Data items:
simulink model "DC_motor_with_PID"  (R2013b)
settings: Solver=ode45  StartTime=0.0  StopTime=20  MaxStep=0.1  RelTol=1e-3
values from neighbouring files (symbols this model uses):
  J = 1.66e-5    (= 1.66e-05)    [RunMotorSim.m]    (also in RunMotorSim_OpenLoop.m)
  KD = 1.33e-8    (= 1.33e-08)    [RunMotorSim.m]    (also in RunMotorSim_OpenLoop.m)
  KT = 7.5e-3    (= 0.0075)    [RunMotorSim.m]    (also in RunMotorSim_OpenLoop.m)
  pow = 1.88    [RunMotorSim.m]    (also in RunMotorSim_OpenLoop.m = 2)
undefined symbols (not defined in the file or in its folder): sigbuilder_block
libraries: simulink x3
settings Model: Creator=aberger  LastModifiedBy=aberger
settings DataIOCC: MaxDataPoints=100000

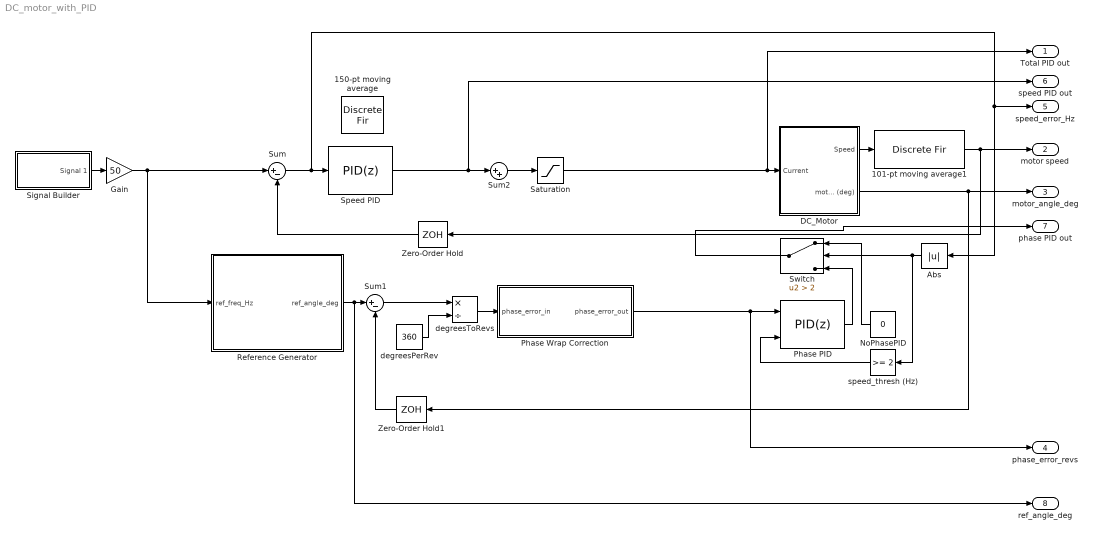
== system DC_motor_with_PID ==
  101-pt moving average1 : DiscreteFir  Coefficients="[0.00990099009900990\t0.00990099009900990\t0.00990099009900990\t0.00990099009900990\t0.00990099009900990\t0.00990099009900990\t0.00990099009900990\t0.00990099009900990\t0.00990099009900990\t0.00990099009900990\t0.00990099009900990\t0.00990099009900990\t0.00990099009900990\t0.00990099009900990\t0.00990099009900990\t0.00990099009900990\t0.00990099009900990\t0.00990099009900990\t0.00990099009900990\t0.00990099009900990\t0.00990099009900990\t0.00990099009900990\t0.00990099009900990\t0.00990099009900990\t0.00990099009900990\t0.00990099009900990\t0.00990099009900990\t0.00990099009900990\t0.00990099009900990\t0.00990099009900990\t0.00990099009900990\t0.00990099009900990\t0.00990099009900990\t0.00990099009900990\t0.00990099009900990\t0.00990099009900990\t0.00990099009900990\t0.00990099009900990\t0.00990099009900990\t0.00990099009900990\t0.00990099009900990\t0.00990099009900990\t0.00990099009900990\t0.00990099009900990\t0.00990099009900990\t0.00990099009900990\t0.00990099009900990\t0.00990099009900990\t0.00990099009900990\t0.00990099009900990\t0.00990099009900990\t0.00990099009900990\t0.00990099009900990\t0.00990099009900990\t0.00990099009900990\t0.00990099009900990\t0.00990099009900990\t0.00990099009900990\t0.00990099009900990\t0.00990099009900990\t0.00990099009900990\t0.00990099009900990\t0.00990099009900990\t0.00990099009900990\t0.00990099009900990\t0.00990099009900990\t0.00990099009900990\t0.00990099009900990\t0.00990099009900990\t0.00990099009900990\t0.00990099009900990\t0.00990099009900990\t0.00990099009900990\t0.00990099009900990\t0.00990099009900990\t0.00990099009900990\t0.00990099009900990\t0.00990099009900990\t0.00990099009900990\t0.00990099009900990\t0.00990099009900990\t0.00990099009900990\t0.00990099009900990\t0.00990099009900990\t0.00990099009900990\t0.00990099009900990\t0.00990099009900990\t0.00990099009900990\t0.00990099009900990\t0.00990099009900990\t0.00990099009900990\t0.00990099009900990\t0.00990099009900990\t0.00990099009900990\t0.00990099009900990\t0.00990099009900990\t0.00990099009900990\t0.00990099009900990\t0.00990099009900990\t0.00990099009900990\t0.00990099009900990]"
  150-pt moving average : DiscreteFir  Coefficients="[0.00666666666666667\t0.00666666666666667\t0.00666666666666667\t0.00666666666666667\t0.00666666666666667\t0.00666666666666667\t0.00666666666666667\t0.00666666666666667\t0.00666666666666667\t0.00666666666666667\t0.00666666666666667\t0.00666666666666667\t0.00666666666666667\t0.00666666666666667\t0.00666666666666667\t0.00666666666666667\t0.00666666666666667\t0.00666666666666667\t0.00666666666666667\t0.00666666666666667\t0.00666666666666667\t0.00666666666666667\t0.00666666666666667\t0.00666666666666667\t0.00666666666666667\t0.00666666666666667\t0.00666666666666667\t0.00666666666666667\t0.00666666666666667\t0.00666666666666667\t0.00666666666666667\t0.00666666666666667\t0.00666666666666667\t0.00666666666666667\t0.00666666666666667\t0.00666666666666667\t0.00666666666666667\t0.00666666666666667\t0.00666666666666667\t0.00666666666666667\t0.00666666666666667\t0.00666666666666667\t0.00666666666666667\t0.00666666666666667\t0.00666666666666667\t0.00666666666666667\t0.00666666666666667\t0.00666666666666667\t0.00666666666666667\t0.00666666666666667\t0.00666666666666667\t0.00666666666666667\t0.00666666666666667\t0.00666666666666667\t0.00666666666666667\t0.00666666666666667\t0.00666666666666667\t0.00666666666666667\t0.00666666666666667\t0.00666666666666667\t0.00666666666666667\t0.00666666666666667\t0.00666666666666667\t0.00666666666666667\t0.00666666666666667\t0.00666666666666667\t0.00666666666666667\t0.00666666666666667\t0.00666666666666667\t0.00666666666666667\t0.00666666666666667\t0.00666666666666667\t0.00666666666666667\t0.00666666666666667\t0.00666666666666667\t0.00666666666666667\t0.00666666666666667\t0.00666666666666667\t0.00666666666666667\t0.00666666666666667\t0.00666666666666667\t0.00666666666666667\t0.00666666666666667\t0.00666666666666667\t0.00666666666666667\t0.00666666666666667\t0.00666666666666667\t0.00666666666666667\t0.00666666666666667\t0.00666666666666667\t0.00666666666666667\t0.00666666666666667\t0.00666666666666667\t0.00666666666666667\t0.00666666666666667\t0.00666666666666667\t0.00666666666666667\t0.00666666666666667\t0.00666666666666667\t0.00666666666666667\t0.00666666666666667\t0.00666666666666667\t0.00666666666666667\t0.00666666666666667\t0.00666666666666667\t0.00666666666666667\t0.00666666666666667\t0.00666666666666667\t0.00666666666666667\t0.00666666666666667\t0.00666666666666667\t0.00666666666666667\t0.00666666666666667\t0.00666666666666667\t0.00666666666666667\t0.00666666666666667\t0.00666666666666667\t0.00666666666666667\t0.00666666666666667\t0.00666666666666667\t0.00666666666666667\t0.00666666666666667\t0.00666666666666667\t0.00666666666666667\t0.00666666666666667\t0.00666666666666667\t0.00666666666666667\t0.00666666666666667\t0.00666666666666667\t0.00666666666666667\t0.00666666666666667\t0.00666666666666667\t0.00666666666666667\t0.00666666666666667\t0.00666666666666667\t0.00666666666666667\t0.00666666666666667\t0.00666666666666667\t0.00666666666666667\t0.00666666666666667\t0.00666666666666667\t0.00666666666666667\t0.00666666666666667\t0.00666666666666667\t0.00666666666666667\t0.00666666666666667\t0.00666666666666667\t0.00666666666666667\t0.00666666666666667\t0.00666666666666667]"  SampleTime=.001
  Abs : Abs
  DC_Motor : Subsystem
  Gain : Gain  Gain=50
  NoPhasePID : Constant  Value=0
  Phase PID : simulink/Continuous/PID Controller  Controller=PID  TimeDomain=Discrete-time  SampleTime=.001  IntegratorMethod=Forward Euler  FilterMethod=Forward Euler  Form=Parallel  P=0.5  I=0.5  D=0.1  N=100  InitialConditionSource=internal  InitialConditionForIntegrator=0  InitialConditionForFilter=0  ExternalReset=level  LimitOutput=on  UpperSaturationLimit=1  LowerSaturationLimit=-1  LinearizeAsGain=on  AntiWindupMode=none  Kb=1  TrackingMode=off  Kt=1  PParamMin=[]  PParamMax=[]  IParamMin=[]  IParamMax=[]  DParamMin=[]  DParamMax=[]  NParamMin=[]  NParamMax=[]  KbParamMin=[]  KbParamMax=[]  KtParamMin=[]  KtParamMax=[]  POutMin=[]  POutMax=[]  IOutMin=[]  IOutMax=[]  DOutMin=[]  DOutMax=[]  NOutMin=[]  NOutMax=[]  KbOutMin=[]  KbOutMax=[]  KtOutMin=[]  KtOutMax=[]  IntegratorOutMin=[]  IntegratorOutMax=[]  FilterOutMin=[]  FilterOutMax=[]  SumOutMin=[]  SumOutMax=[]  SumI1OutMin=[]  SumI1OutMax=[]  SumI2OutMin=[]  SumI2OutMax=[]  SumI3OutMin=[]  SumI3OutMax=[]  SumDOutMin=[]  SumDOutMax=[]  SaturationOutMin=[]  SaturationOutMax=[]  IntegratorContinuousStateAttributes=''  IntegratorStateMustResolveToSignalObject=off  IntegratorRTWStateStorageClass=Auto  FilterContinuousStateAttributes=''  FilterStateMustResolveToSignalObject=off  FilterRTWStateStorageClass=Auto
  Phase Wrap Correction : Subsystem
  Reference Generator : Subsystem
  Saturation : Saturate  UpperLimit=1  LowerLimit=-1
  Signal Builder : Subsystem  Tag=STV Subsys  LoadFcn=sigbuilder_block('load');  StartFcn=sigbuilder_block('start');  StopFcn=sigbuilder_block('stop');  ClipboardFcn=sigbuilder_block('clipboard');  mask(Sigbuilder block){}
      mask help: Simulink:masks:SigbuilderBlock_MD
      mask init:
      | if ~strcmp(get_param(bdroot(gcbh),'SimulationStatus'),'stopped') tuvar = sigbuilder_block('maskInit'); end
      settings: CopyFcn=sigbuilder_block('copy');  DeleteFcn=sigbuilder_block('delete');  ModelCloseFcn=sigbuilder_block('modelClose');  PreSaveFcn=sigbuilder_block('preSave');  PauseFcn=sigbuilder_block('pause');  ContinueFcn=sigbuilder_block('continue');  NameChangeFcn=sigbuilder_block('namechange');  OpenFcn=sigbuilder_block('open',[437.25 199.5 550.5 399.75 ]);  CloseFcn=sigbuilder_block('close');
      mask Display: plot(0, 0, 100, 100,[2, 2, 32, 32, 2], [68, 8, 8, 68, 68],[32, 2], [38, 38], [32, 19, 2],[53, 60, 44], [32, 17, 17, 2],[16, 16, 31, 31]);txt = getActiveGroup(gcbh);text(2, 100, txt,'verticalAlignment', 'top');
  Speed PID : simulink/Continuous/PID Controller  Controller=PID  TimeDomain=Discrete-time  SampleTime=.001  IntegratorMethod=Forward Euler  FilterMethod=Forward Euler  Form=Parallel  P=.01  I=0  D=0  N=100  InitialConditionSource=internal  InitialConditionForIntegrator=0  InitialConditionForFilter=0  ExternalReset=none  LimitOutput=on  UpperSaturationLimit=1  LowerSaturationLimit=-1  LinearizeAsGain=on  AntiWindupMode=none  Kb=1  TrackingMode=off  Kt=1  PParamMin=[]  PParamMax=[]  IParamMin=[]  IParamMax=[]  DParamMin=[]  DParamMax=[]  NParamMin=[]  NParamMax=[]  KbParamMin=[]  KbParamMax=[]  KtParamMin=[]  KtParamMax=[]  POutMin=[]  POutMax=[]  IOutMin=[]  IOutMax=[]  DOutMin=[]  DOutMax=[]  NOutMin=[]  NOutMax=[]  KbOutMin=[]  KbOutMax=[]  KtOutMin=[]  KtOutMax=[]  IntegratorOutMin=[]  IntegratorOutMax=[]  FilterOutMin=[]  FilterOutMax=[]  SumOutMin=[]  SumOutMax=[]  SumI1OutMin=[]  SumI1OutMax=[]  SumI2OutMin=[]  SumI2OutMax=[]  SumI3OutMin=[]  SumI3OutMax=[]  SumDOutMin=[]  SumDOutMax=[]  SaturationOutMin=[]  SaturationOutMax=[]  IntegratorContinuousStateAttributes=''  IntegratorStateMustResolveToSignalObject=off  IntegratorRTWStateStorageClass=Auto  FilterContinuousStateAttributes=''  FilterStateMustResolveToSignalObject=off  FilterRTWStateStorageClass=Auto
  Sum : Sum  Inputs=|+-
  Sum1 : Sum  Inputs=|+-
  Sum2 : Sum  Inputs=|++
  Switch : Switch  Criteria=u2 > Threshold  Threshold=2
  Zero-Order Hold : ZeroOrderHold  SampleTime=.001
  Zero-Order Hold1 : ZeroOrderHold  SampleTime=.001
  degreesPerRev : Constant  Value=360
  degreesToRevs : Product  Inputs=*/
  speed_thresh (Hz) : simulink/Logic and Bit Operations/Compare To Constant  relop=>=  const=2  OutDataTypeStr=boolean
  Total PID out : Outport
  motor speed : Outport  Port=2
  motor_angle_deg : Outport  Port=3
  phase_error_revs : Outport  Port=4
  speed_error_Hz : Outport  Port=5
  speed PID out : Outport  Port=6
  phase PID out : Outport  Port=7
  ref_angle_deg : Outport  Port=8
  wires:
  Zero-Order Hold/1 -> Sum/2
  Reference Generator/1(ref_angle_deg) -> ref_angle_deg/1, Sum1/1
  DC_Motor/2(motor angle (deg)) -> motor_angle_deg/1, Zero-Order Hold1/1
  Sum2/1 -> Saturation/1
  Sum1/1 -> degreesToRevs/1
  degreesPerRev/1 -> degreesToRevs/2
  Zero-Order Hold1/1 -> Sum1/2
  degreesToRevs/1 -> Phase Wrap Correction/1(phase_error_in)
  Phase Wrap Correction/1(phase_error_out) -> Phase PID/1, phase_error_revs/1
  DC_Motor/1(Speed) -> 101-pt moving average1/1
  101-pt moving average1/1 -> motor speed/1, Zero-Order Hold/1
  Sum/1 -> speed_error_Hz/1, Abs/1, Speed PID/1
  Switch/1 -> phase PID out/1
  NoPhasePID/1 -> Switch/1
  Phase PID/1 -> Switch/3
  Abs/1 -> speed_thresh (Hz)/1, Switch/2
  speed_thresh (Hz)/1 -> Phase PID/2
  Signal Builder/1(Signal 1) -> Gain/1
  Gain/1 -> Reference Generator/1(ref_freq_Hz), Sum/1
  Saturation/1 -> Total PID out/1, DC_Motor/1(Current)
  Speed PID/1 -> speed PID out/1, Sum2/1

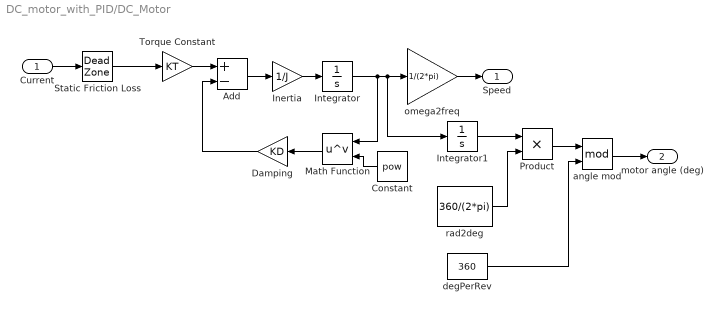
== system DC_motor_with_PID/DC_Motor ==
  Current : Inport
  Add : Sum  Inputs=+-
  Constant : Constant  Value=pow
  Damping : Gain  Gain=KD
  Inertia : Gain  Gain=1/J
  Integrator : Integrator
  Integrator1 : Integrator
  Math Function : Math  Operator=pow  SaturateOnIntegerOverflow=on
  Product : Product
  Static Friction Loss : DeadZone  LowerValue=-.05  UpperValue=.05  SaturateOnIntegerOverflow=on
  Torque Constant : Gain  Gain=KT
  angle mod : Math  Operator=mod  SaturateOnIntegerOverflow=on
  degPerRev : Constant  Value=360
  omega2freq : Gain  Gain=1/(2*pi)
  rad2deg : Constant  Value=360/(2*pi)
  Speed : Outport
  motor angle (deg) : Outport  Port=2
  wires:
  Add/1 -> Inertia/1
  Integrator/1 -> Math Function/1, Integrator1/1, omega2freq/1
  Torque Constant/1 -> Add/1
  Damping/1 -> Add/2
  Inertia/1 -> Integrator/1
  Current/1 -> Static Friction Loss/1
  Constant/1 -> Math Function/2
  Math Function/1 -> Damping/1
  omega2freq/1 -> Speed/1
  Integrator1/1 -> Product/1
  Product/1 -> angle mod/1
  rad2deg/1 -> Product/2
  degPerRev/1 -> angle mod/2
  Static Friction Loss/1 -> Torque Constant/1
  angle mod/1 -> motor angle (deg)/1

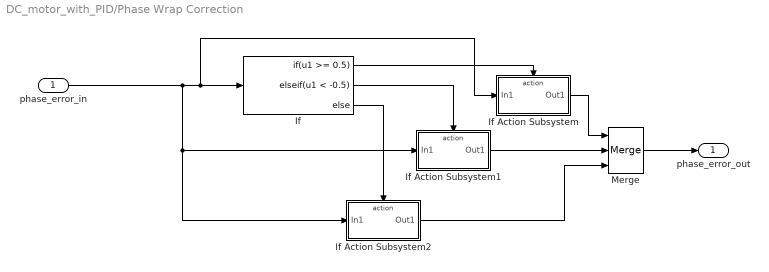
== system DC_motor_with_PID/Phase Wrap Correction ==
  phase_error_in : Inport
  If : If  IfExpression=u1 >= 0.5  ElseIfExpressions=u1 < -0.5
  If Action Subsystem : Subsystem  TreatAsAtomicUnit=on
  If Action Subsystem1 : Subsystem  TreatAsAtomicUnit=on
  If Action Subsystem2 : Subsystem  TreatAsAtomicUnit=on
  Merge : Merge  Inputs=3
  phase_error_out : Outport
  wires:
  If/1 -> If Action Subsystem/Action
  If Action Subsystem/1(Out1) -> Merge/1
  If Action Subsystem2/1(Out1) -> Merge/3
  phase_error_in/1 -> If/1, If Action Subsystem/1(In1), If Action Subsystem1/1(In1), If Action Subsystem2/1(In1)
  If/2 -> If Action Subsystem1/Action
  If/3 -> If Action Subsystem2/Action
  Merge/1 -> phase_error_out/1
  If Action Subsystem1/1(Out1) -> Merge/2

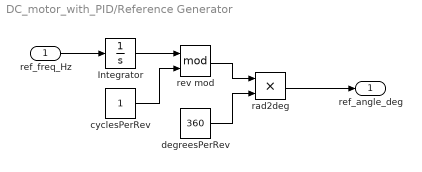
== system DC_motor_with_PID/Reference Generator ==
  ref_freq_Hz : Inport
  Integrator : Integrator
  cyclesPerRev : Constant
  degreesPerRev : Constant  Value=360
  rad2deg : Product
  rev mod : Math  Operator=mod  SaturateOnIntegerOverflow=on
  ref_angle_deg : Outport
  wires:
  cyclesPerRev/1 -> rev mod/2
  degreesPerRev/1 -> rad2deg/2
  Integrator/1 -> rev mod/1
  rev mod/1 -> rad2deg/1
  rad2deg/1 -> ref_angle_deg/1
  ref_freq_Hz/1 -> Integrator/1

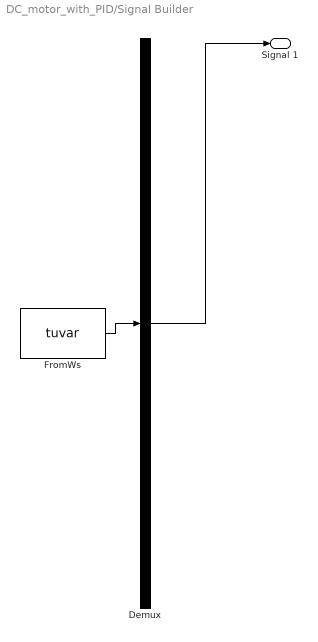
== system DC_motor_with_PID/Signal Builder ==
  Demux : Demux  Tag=STV Demux  Outputs=1
  FromWs : FromWorkspace  Tag=STV FromWs  VariableName=tuvar  SampleTime=0
      SigBuilderData=|
      | common.afterFinalStr = 'Extrapolate'
      | common.sampleTime = 0
      | dataSet.timeRange = [0 20]
      | dataSet.name = 'Group 1'
      | sbobj.Groups.Name = 'Group 1'
      | sbobj.Groups.Signals.Name = 'Signal 1'
      | sbobj.Groups.Signals.XData = [0 2.02 2.02 8 8 20]
      | sbobj.Groups.Signals.YData = [0 0 1 1 0.5 0.5]
      | sbobj.Groups.TimeRange = [0 20]
  Signal 1 : Outport  Tag=STV Outport
  wires:
  Demux/1 -> Signal 1/1
  FromWs/1 -> Demux/1

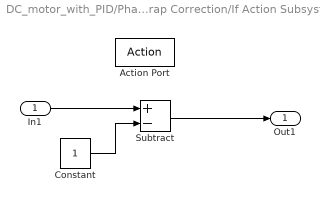
== system DC_motor_with_PID/Phase Wrap Correction/If Action Subsystem ==
  In1 : Inport
  Action Port : ActionPort  ActionType=then
  Constant : Constant
  Subtract : Sum  Inputs=+-
  Out1 : Outport
  wires:
  In1/1 -> Subtract/1
  Constant/1 -> Subtract/2
  Subtract/1 -> Out1/1

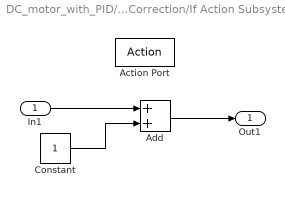
== system DC_motor_with_PID/Phase Wrap Correction/If Action Subsystem1 ==
  In1 : Inport
  Action Port : ActionPort  ActionType=elseif
  Add : Sum
  Constant : Constant
  Out1 : Outport
  wires:
  In1/1 -> Add/1
  Constant/1 -> Add/2
  Add/1 -> Out1/1

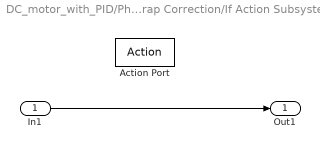
== system DC_motor_with_PID/Phase Wrap Correction/If Action Subsystem2 ==
  In1 : Inport
  Action Port : ActionPort  ActionType=else
  Out1 : Outport
  wires:
  In1/1 -> Out1/1

(About this exercise)
Working through the records above, copy each line in which "ActionType" is found.

(Completed exercise)
  Action Port : ActionPort  ActionType=then
  Action Port : ActionPort  ActionType=elseif
  Action Port : ActionPort  ActionType=else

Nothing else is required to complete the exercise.